#### TASK DETAILS
Scan the listing below and copy each line holding the word "picked".

#### INFORMATION GIVEN
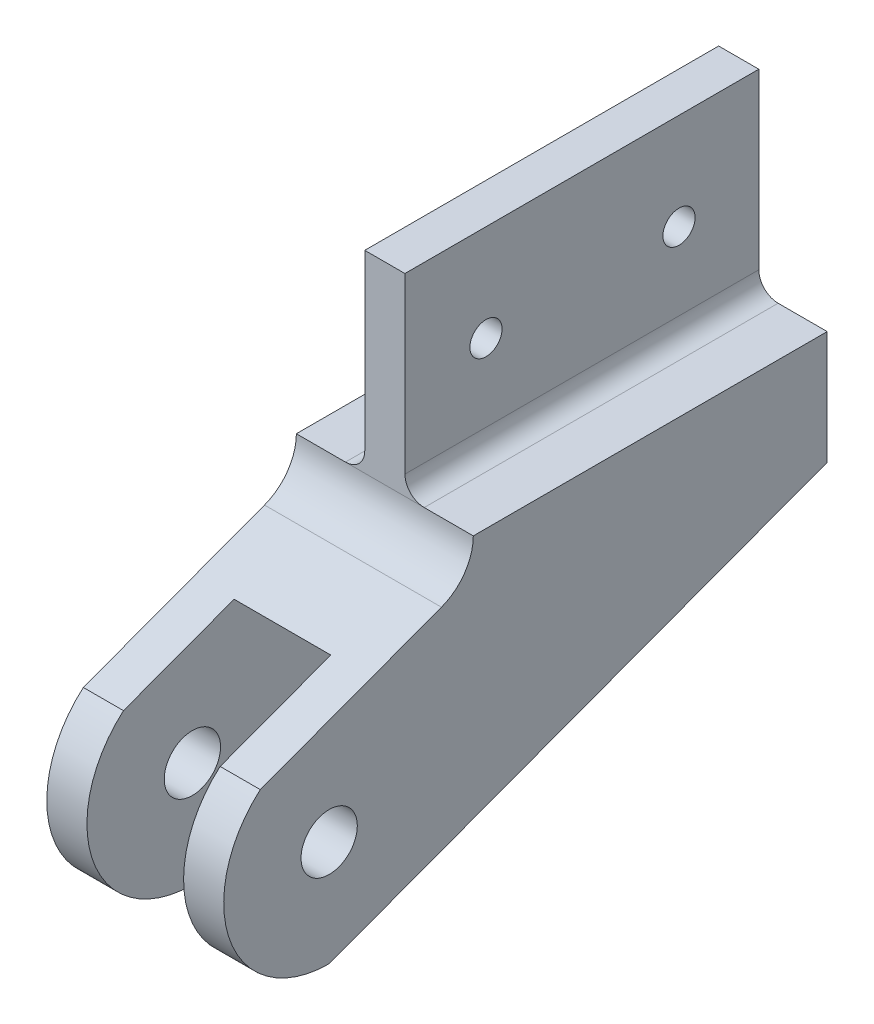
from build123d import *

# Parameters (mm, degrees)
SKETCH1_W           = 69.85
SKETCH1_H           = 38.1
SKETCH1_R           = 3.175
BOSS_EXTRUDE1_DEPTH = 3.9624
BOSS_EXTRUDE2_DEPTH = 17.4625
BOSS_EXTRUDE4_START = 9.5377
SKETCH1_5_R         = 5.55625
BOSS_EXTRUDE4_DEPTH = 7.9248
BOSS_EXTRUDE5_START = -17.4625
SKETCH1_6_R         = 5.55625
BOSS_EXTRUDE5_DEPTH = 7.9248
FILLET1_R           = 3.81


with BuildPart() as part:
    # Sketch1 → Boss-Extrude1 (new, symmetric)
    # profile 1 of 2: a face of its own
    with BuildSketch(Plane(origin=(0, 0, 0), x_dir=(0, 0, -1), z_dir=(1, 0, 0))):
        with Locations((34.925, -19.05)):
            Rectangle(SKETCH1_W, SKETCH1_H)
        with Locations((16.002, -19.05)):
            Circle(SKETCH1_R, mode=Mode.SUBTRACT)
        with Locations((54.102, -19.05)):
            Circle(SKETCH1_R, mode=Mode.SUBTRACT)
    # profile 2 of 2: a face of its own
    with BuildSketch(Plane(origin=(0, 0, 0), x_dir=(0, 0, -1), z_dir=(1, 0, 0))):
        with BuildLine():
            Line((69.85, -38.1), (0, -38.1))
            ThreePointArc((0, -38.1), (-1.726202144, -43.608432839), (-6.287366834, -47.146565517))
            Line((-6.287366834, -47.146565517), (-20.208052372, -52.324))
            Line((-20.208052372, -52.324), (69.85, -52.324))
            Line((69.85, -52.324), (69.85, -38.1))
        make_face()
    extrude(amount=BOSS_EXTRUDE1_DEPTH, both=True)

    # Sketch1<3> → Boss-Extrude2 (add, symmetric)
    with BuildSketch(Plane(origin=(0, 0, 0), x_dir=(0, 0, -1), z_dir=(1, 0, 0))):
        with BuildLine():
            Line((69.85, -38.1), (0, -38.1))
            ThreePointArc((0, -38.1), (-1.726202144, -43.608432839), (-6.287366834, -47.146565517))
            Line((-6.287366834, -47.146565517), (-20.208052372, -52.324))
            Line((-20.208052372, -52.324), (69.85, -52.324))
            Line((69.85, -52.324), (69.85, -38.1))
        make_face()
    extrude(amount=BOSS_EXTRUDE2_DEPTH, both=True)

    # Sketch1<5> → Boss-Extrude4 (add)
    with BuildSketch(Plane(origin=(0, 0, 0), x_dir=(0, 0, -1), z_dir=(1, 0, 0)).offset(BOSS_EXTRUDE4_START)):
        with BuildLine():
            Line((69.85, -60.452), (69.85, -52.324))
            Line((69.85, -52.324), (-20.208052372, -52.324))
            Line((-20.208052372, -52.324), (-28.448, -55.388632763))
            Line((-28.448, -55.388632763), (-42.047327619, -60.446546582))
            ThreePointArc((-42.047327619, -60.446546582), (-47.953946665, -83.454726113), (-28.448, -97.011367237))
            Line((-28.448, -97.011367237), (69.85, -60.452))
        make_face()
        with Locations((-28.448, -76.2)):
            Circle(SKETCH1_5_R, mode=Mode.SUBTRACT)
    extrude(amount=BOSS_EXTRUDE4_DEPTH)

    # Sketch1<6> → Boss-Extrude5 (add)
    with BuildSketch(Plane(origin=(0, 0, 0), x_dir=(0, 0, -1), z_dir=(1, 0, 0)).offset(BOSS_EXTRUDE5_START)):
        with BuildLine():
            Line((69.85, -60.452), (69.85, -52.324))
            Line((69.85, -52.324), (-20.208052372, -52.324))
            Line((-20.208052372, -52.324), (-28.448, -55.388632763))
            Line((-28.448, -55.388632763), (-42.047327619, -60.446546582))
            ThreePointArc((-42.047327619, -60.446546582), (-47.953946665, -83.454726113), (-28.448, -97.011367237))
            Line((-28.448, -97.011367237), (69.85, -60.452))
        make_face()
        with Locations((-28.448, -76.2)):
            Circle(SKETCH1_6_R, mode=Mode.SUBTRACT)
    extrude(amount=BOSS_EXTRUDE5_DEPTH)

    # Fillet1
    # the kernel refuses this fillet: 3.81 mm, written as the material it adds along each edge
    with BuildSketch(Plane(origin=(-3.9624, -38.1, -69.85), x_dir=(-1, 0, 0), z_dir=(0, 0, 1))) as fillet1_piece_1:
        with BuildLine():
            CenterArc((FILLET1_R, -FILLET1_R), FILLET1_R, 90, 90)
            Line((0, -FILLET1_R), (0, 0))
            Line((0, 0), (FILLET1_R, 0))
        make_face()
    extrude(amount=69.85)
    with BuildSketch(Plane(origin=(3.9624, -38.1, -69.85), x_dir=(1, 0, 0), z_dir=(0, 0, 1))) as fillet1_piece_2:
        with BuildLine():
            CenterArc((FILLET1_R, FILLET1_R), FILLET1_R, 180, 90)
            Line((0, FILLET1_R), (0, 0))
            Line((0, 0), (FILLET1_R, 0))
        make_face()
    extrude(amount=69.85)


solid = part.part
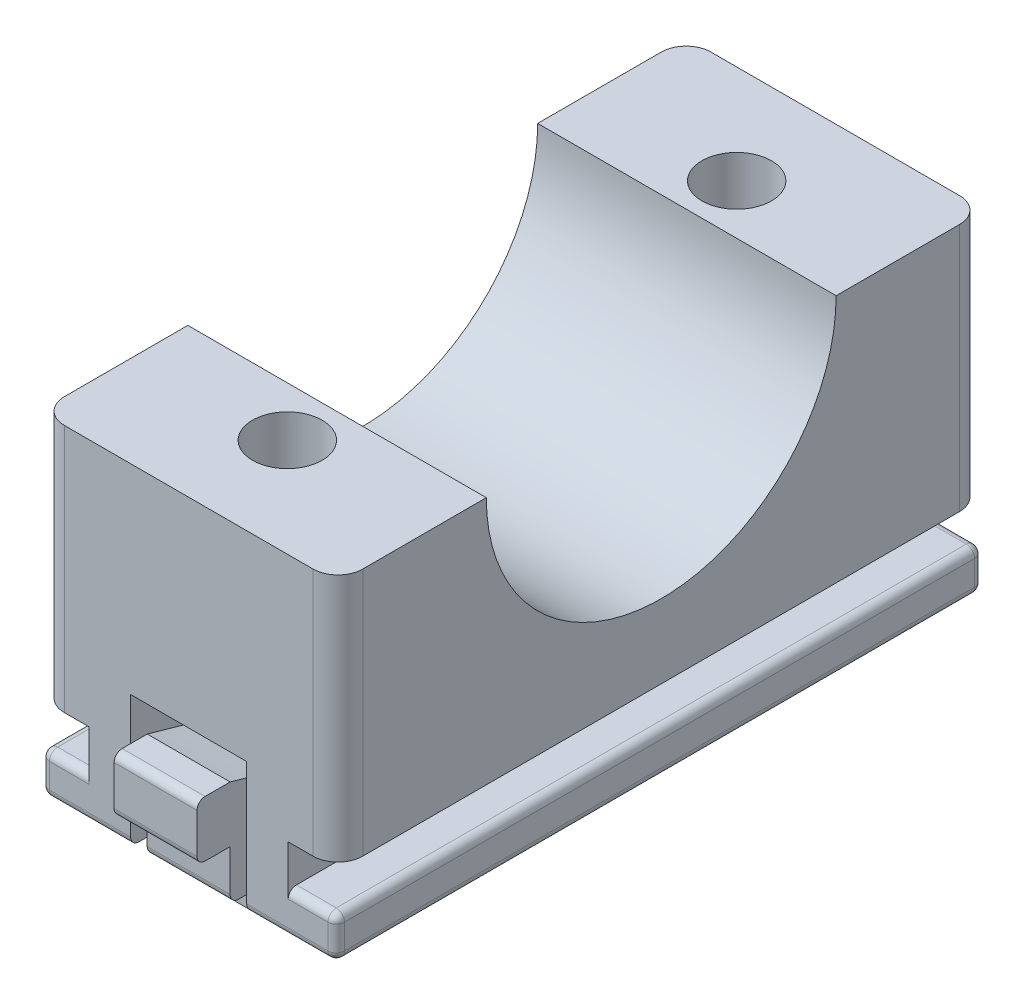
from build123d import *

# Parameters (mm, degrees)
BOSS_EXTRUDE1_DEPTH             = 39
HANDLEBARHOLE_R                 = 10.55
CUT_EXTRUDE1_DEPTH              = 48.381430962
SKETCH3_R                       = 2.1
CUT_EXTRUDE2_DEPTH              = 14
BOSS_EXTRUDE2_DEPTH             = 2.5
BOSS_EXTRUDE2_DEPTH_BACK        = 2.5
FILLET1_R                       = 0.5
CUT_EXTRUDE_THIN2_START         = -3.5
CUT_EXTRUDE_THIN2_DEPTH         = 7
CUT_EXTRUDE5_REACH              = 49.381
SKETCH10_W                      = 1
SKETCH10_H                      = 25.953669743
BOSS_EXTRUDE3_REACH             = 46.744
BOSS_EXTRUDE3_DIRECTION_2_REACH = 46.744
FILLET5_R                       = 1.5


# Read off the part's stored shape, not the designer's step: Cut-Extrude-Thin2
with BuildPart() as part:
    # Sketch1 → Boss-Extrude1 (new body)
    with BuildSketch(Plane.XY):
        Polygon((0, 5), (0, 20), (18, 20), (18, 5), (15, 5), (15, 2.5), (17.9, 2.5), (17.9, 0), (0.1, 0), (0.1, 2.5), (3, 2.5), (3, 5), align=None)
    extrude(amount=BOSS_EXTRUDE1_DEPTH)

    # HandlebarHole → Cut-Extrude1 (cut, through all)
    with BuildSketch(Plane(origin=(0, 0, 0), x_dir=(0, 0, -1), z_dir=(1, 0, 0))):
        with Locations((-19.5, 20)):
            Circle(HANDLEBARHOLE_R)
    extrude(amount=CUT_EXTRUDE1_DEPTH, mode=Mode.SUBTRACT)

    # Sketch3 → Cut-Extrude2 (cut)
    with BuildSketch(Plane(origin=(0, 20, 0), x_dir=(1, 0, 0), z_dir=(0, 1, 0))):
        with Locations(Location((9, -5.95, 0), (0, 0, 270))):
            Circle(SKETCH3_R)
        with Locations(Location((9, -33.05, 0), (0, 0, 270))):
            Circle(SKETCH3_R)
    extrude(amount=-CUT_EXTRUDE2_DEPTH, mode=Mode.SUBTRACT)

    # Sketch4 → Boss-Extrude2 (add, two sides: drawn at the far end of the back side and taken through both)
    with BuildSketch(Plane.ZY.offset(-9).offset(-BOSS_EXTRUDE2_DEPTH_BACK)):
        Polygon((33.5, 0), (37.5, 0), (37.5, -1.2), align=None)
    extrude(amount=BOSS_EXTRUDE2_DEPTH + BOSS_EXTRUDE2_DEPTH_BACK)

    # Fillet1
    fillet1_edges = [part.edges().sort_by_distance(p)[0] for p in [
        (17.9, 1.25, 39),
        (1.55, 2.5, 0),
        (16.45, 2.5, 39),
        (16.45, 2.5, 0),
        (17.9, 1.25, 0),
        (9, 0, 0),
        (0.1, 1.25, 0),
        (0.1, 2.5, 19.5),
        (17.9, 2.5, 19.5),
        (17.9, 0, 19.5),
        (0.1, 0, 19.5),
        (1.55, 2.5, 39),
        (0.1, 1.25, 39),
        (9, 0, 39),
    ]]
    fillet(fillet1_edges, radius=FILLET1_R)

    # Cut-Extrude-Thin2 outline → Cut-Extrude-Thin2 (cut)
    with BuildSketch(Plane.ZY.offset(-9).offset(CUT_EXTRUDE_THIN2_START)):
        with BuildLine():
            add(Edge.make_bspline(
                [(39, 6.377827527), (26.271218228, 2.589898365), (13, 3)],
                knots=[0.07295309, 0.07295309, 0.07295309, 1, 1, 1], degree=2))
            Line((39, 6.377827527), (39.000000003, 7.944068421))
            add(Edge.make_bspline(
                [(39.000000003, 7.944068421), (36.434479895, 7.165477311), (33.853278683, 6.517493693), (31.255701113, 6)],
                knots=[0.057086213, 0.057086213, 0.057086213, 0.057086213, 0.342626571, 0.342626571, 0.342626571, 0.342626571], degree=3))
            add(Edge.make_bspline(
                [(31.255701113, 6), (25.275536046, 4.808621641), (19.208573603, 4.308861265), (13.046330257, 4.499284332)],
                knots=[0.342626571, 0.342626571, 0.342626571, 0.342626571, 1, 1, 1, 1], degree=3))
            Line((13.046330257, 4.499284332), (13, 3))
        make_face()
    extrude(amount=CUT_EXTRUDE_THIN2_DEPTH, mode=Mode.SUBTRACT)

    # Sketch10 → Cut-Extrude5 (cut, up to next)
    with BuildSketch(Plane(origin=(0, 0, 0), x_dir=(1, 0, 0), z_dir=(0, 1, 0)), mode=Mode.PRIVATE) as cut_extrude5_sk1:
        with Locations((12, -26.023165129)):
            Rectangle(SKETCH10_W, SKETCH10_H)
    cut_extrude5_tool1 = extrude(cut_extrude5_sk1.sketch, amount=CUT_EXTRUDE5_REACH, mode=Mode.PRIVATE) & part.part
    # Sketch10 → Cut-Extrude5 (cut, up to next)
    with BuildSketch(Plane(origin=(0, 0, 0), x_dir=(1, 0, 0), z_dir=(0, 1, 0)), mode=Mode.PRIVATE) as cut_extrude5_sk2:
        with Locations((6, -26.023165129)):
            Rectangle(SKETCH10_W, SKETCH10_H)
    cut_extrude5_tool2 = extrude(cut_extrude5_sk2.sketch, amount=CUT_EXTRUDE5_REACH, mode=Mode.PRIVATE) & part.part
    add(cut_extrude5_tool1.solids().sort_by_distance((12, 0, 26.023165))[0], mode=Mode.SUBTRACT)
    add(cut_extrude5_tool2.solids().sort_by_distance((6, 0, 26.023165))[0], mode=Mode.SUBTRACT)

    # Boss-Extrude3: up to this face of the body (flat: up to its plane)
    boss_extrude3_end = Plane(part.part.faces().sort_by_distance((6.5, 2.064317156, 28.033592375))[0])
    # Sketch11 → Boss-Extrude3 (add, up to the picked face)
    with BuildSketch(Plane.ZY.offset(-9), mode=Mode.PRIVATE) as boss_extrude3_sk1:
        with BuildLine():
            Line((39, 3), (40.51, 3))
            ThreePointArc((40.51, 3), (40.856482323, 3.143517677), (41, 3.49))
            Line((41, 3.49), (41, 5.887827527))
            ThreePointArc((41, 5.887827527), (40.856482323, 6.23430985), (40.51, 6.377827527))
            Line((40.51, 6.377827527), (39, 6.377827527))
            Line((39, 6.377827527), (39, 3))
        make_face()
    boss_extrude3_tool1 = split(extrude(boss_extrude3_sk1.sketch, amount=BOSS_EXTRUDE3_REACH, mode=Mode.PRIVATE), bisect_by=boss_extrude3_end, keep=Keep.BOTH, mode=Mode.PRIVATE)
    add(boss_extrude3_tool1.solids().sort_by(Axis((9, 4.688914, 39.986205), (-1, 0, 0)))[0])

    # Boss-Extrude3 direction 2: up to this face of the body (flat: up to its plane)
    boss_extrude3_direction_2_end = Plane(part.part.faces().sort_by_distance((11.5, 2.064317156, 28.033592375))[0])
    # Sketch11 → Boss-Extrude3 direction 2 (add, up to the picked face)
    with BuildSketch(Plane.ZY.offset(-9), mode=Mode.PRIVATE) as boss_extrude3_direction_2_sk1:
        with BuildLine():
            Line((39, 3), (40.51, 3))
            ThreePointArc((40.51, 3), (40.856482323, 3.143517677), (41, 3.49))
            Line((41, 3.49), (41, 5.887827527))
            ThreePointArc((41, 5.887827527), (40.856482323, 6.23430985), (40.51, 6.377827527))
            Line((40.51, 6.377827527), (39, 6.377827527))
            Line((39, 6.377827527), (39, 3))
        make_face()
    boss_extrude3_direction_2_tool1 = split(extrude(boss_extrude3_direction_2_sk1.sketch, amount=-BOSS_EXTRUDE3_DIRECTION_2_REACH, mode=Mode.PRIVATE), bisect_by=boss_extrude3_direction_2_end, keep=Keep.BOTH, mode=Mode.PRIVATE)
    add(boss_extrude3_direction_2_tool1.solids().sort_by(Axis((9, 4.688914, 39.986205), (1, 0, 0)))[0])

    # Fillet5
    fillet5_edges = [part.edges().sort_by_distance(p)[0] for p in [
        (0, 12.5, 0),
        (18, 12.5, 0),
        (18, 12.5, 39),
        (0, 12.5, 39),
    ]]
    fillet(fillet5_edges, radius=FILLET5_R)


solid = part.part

#### YOUR SOLUTION
    # Sketch11 → Boss-Extrude3 (add, up to the picked face)
    # Sketch11 → Boss-Extrude3 direction 2 (add, up to the picked face)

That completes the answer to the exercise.